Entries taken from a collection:
+ + +

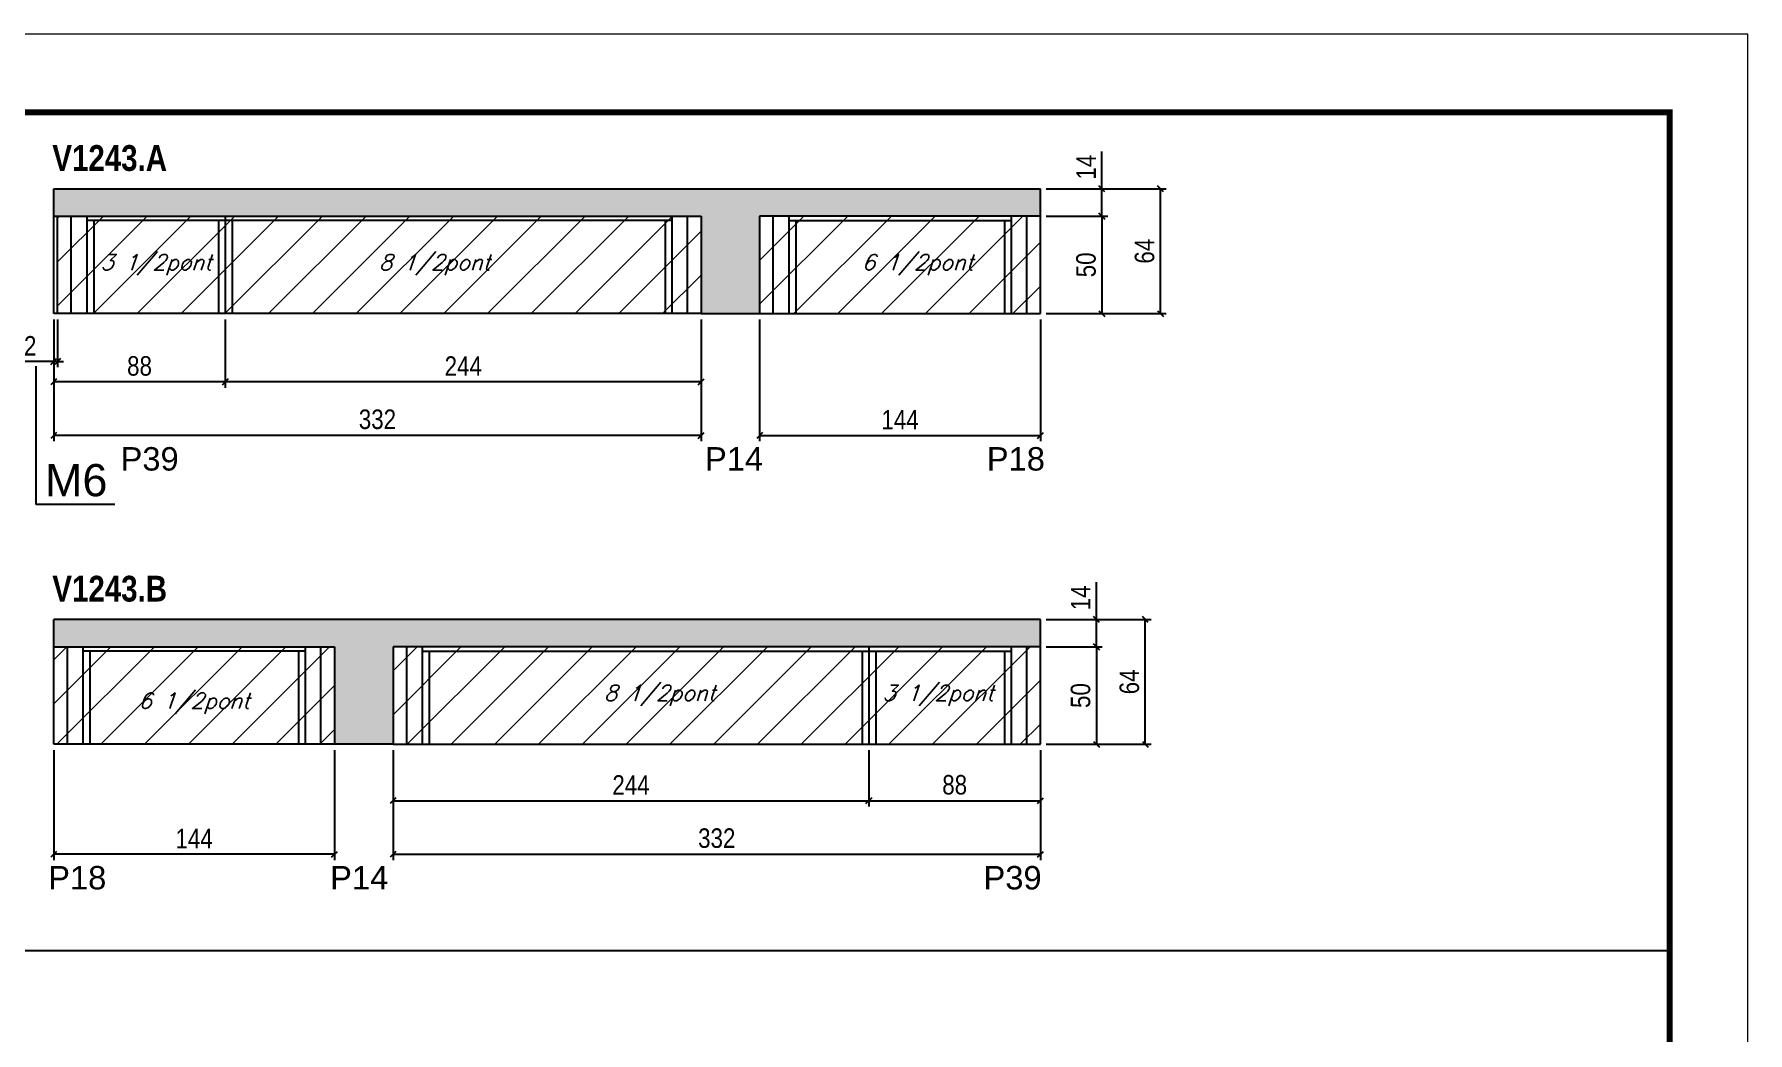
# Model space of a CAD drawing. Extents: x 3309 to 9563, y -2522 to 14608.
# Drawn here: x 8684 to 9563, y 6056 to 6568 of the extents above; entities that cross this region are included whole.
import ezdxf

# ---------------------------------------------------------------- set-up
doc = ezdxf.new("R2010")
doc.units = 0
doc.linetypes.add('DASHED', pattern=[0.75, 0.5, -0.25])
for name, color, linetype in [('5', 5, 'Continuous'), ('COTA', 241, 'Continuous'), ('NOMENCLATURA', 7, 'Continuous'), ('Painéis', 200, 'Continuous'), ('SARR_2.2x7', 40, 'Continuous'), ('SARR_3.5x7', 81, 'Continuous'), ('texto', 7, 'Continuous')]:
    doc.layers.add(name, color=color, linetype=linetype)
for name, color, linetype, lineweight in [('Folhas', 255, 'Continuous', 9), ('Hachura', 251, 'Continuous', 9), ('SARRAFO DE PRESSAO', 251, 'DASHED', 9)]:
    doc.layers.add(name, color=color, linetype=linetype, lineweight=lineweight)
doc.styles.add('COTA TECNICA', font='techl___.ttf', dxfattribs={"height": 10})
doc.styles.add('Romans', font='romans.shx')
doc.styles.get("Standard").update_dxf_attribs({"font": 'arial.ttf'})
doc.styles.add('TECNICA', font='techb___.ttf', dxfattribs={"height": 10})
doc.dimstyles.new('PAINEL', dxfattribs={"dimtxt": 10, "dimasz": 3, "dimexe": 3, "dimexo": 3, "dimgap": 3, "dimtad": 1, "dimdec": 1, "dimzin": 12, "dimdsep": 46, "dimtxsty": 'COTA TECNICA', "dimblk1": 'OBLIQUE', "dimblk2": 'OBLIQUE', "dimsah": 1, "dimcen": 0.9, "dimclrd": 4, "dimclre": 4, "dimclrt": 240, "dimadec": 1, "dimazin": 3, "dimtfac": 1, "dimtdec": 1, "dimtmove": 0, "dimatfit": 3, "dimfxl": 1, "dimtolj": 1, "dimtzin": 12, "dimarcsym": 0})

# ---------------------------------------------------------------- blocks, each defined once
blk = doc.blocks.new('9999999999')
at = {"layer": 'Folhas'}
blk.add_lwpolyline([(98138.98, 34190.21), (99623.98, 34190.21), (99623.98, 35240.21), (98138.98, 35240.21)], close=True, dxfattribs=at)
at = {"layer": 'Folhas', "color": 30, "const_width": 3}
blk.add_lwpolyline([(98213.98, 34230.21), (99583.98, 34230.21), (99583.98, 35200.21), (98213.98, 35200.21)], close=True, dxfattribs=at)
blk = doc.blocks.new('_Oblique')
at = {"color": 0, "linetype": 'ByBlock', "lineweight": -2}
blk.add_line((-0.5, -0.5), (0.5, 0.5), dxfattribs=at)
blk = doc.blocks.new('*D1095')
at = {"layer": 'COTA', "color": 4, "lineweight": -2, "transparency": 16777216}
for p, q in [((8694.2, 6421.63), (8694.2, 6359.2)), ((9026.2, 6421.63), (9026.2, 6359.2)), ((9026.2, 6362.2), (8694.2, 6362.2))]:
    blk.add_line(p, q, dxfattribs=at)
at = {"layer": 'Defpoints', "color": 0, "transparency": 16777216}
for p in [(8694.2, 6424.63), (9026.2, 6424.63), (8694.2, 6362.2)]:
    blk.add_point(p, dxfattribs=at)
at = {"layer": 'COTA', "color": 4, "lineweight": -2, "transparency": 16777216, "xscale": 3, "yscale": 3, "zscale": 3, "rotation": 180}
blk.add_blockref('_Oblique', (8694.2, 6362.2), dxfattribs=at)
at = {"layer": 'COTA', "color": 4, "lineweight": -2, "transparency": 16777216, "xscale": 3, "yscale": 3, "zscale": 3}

+ + +

TASK DESCRIPTION:
Copy the entries above verbatim. Pictures do not belong in the copy.

COMPLETED TASK:
# Model space of a CAD drawing. Extents: x 3309 to 9563, y -2522 to 14608.
# Drawn here: x 8684 to 9563, y 6056 to 6568 of the extents above; entities that cross this region are included whole.
import ezdxf

# ---------------------------------------------------------------- set-up
doc = ezdxf.new("R2010")
doc.units = 0
doc.linetypes.add('DASHED', pattern=[0.75, 0.5, -0.25])
for name, color, linetype in [('5', 5, 'Continuous'), ('COTA', 241, 'Continuous'), ('NOMENCLATURA', 7, 'Continuous'), ('Painéis', 200, 'Continuous'), ('SARR_2.2x7', 40, 'Continuous'), ('SARR_3.5x7', 81, 'Continuous'), ('texto', 7, 'Continuous')]:
    doc.layers.add(name, color=color, linetype=linetype)
for name, color, linetype, lineweight in [('Folhas', 255, 'Continuous', 9), ('Hachura', 251, 'Continuous', 9), ('SARRAFO DE PRESSAO', 251, 'DASHED', 9)]:
    doc.layers.add(name, color=color, linetype=linetype, lineweight=lineweight)
doc.styles.add('COTA TECNICA', font='techl___.ttf', dxfattribs={"height": 10})
doc.styles.add('Romans', font='romans.shx')
doc.styles.get("Standard").update_dxf_attribs({"font": 'arial.ttf'})
doc.styles.add('TECNICA', font='techb___.ttf', dxfattribs={"height": 10})
doc.dimstyles.new('PAINEL', dxfattribs={"dimtxt": 10, "dimasz": 3, "dimexe": 3, "dimexo": 3, "dimgap": 3, "dimtad": 1, "dimdec": 1, "dimzin": 12, "dimdsep": 46, "dimtxsty": 'COTA TECNICA', "dimblk1": 'OBLIQUE', "dimblk2": 'OBLIQUE', "dimsah": 1, "dimcen": 0.9, "dimclrd": 4, "dimclre": 4, "dimclrt": 240, "dimadec": 1, "dimazin": 3, "dimtfac": 1, "dimtdec": 1, "dimtmove": 0, "dimatfit": 3, "dimfxl": 1, "dimtolj": 1, "dimtzin": 12, "dimarcsym": 0})

# ---------------------------------------------------------------- blocks, each defined once
blk = doc.blocks.new('9999999999')
at = {"layer": 'Folhas'}
blk.add_lwpolyline([(98138.98, 34190.21), (99623.98, 34190.21), (99623.98, 35240.21), (98138.98, 35240.21)], close=True, dxfattribs=at)
at = {"layer": 'Folhas', "color": 30, "const_width": 3}
blk.add_lwpolyline([(98213.98, 34230.21), (99583.98, 34230.21), (99583.98, 35200.21), (98213.98, 35200.21)], close=True, dxfattribs=at)
blk = doc.blocks.new('_Oblique')
at = {"color": 0, "linetype": 'ByBlock', "lineweight": -2}
blk.add_line((-0.5, -0.5), (0.5, 0.5), dxfattribs=at)
blk = doc.blocks.new('*D1095')
at = {"layer": 'COTA', "color": 4, "lineweight": -2, "transparency": 16777216}
for p, q in [((8694.2, 6421.63), (8694.2, 6359.2)), ((9026.2, 6421.63), (9026.2, 6359.2)), ((9026.2, 6362.2), (8694.2, 6362.2))]:
    blk.add_line(p, q, dxfattribs=at)
at = {"layer": 'Defpoints', "color": 0, "transparency": 16777216}
for p in [(8694.2, 6424.63), (9026.2, 6424.63), (8694.2, 6362.2)]:
    blk.add_point(p, dxfattribs=at)
at = {"layer": 'COTA', "color": 4, "lineweight": -2, "transparency": 16777216, "xscale": 3, "yscale": 3, "zscale": 3, "rotation": 180}
blk.add_blockref('_Oblique', (8694.2, 6362.2), dxfattribs=at)
at = {"layer": 'COTA', "color": 4, "lineweight": -2, "transparency": 16777216, "xscale": 3, "yscale": 3, "zscale": 3}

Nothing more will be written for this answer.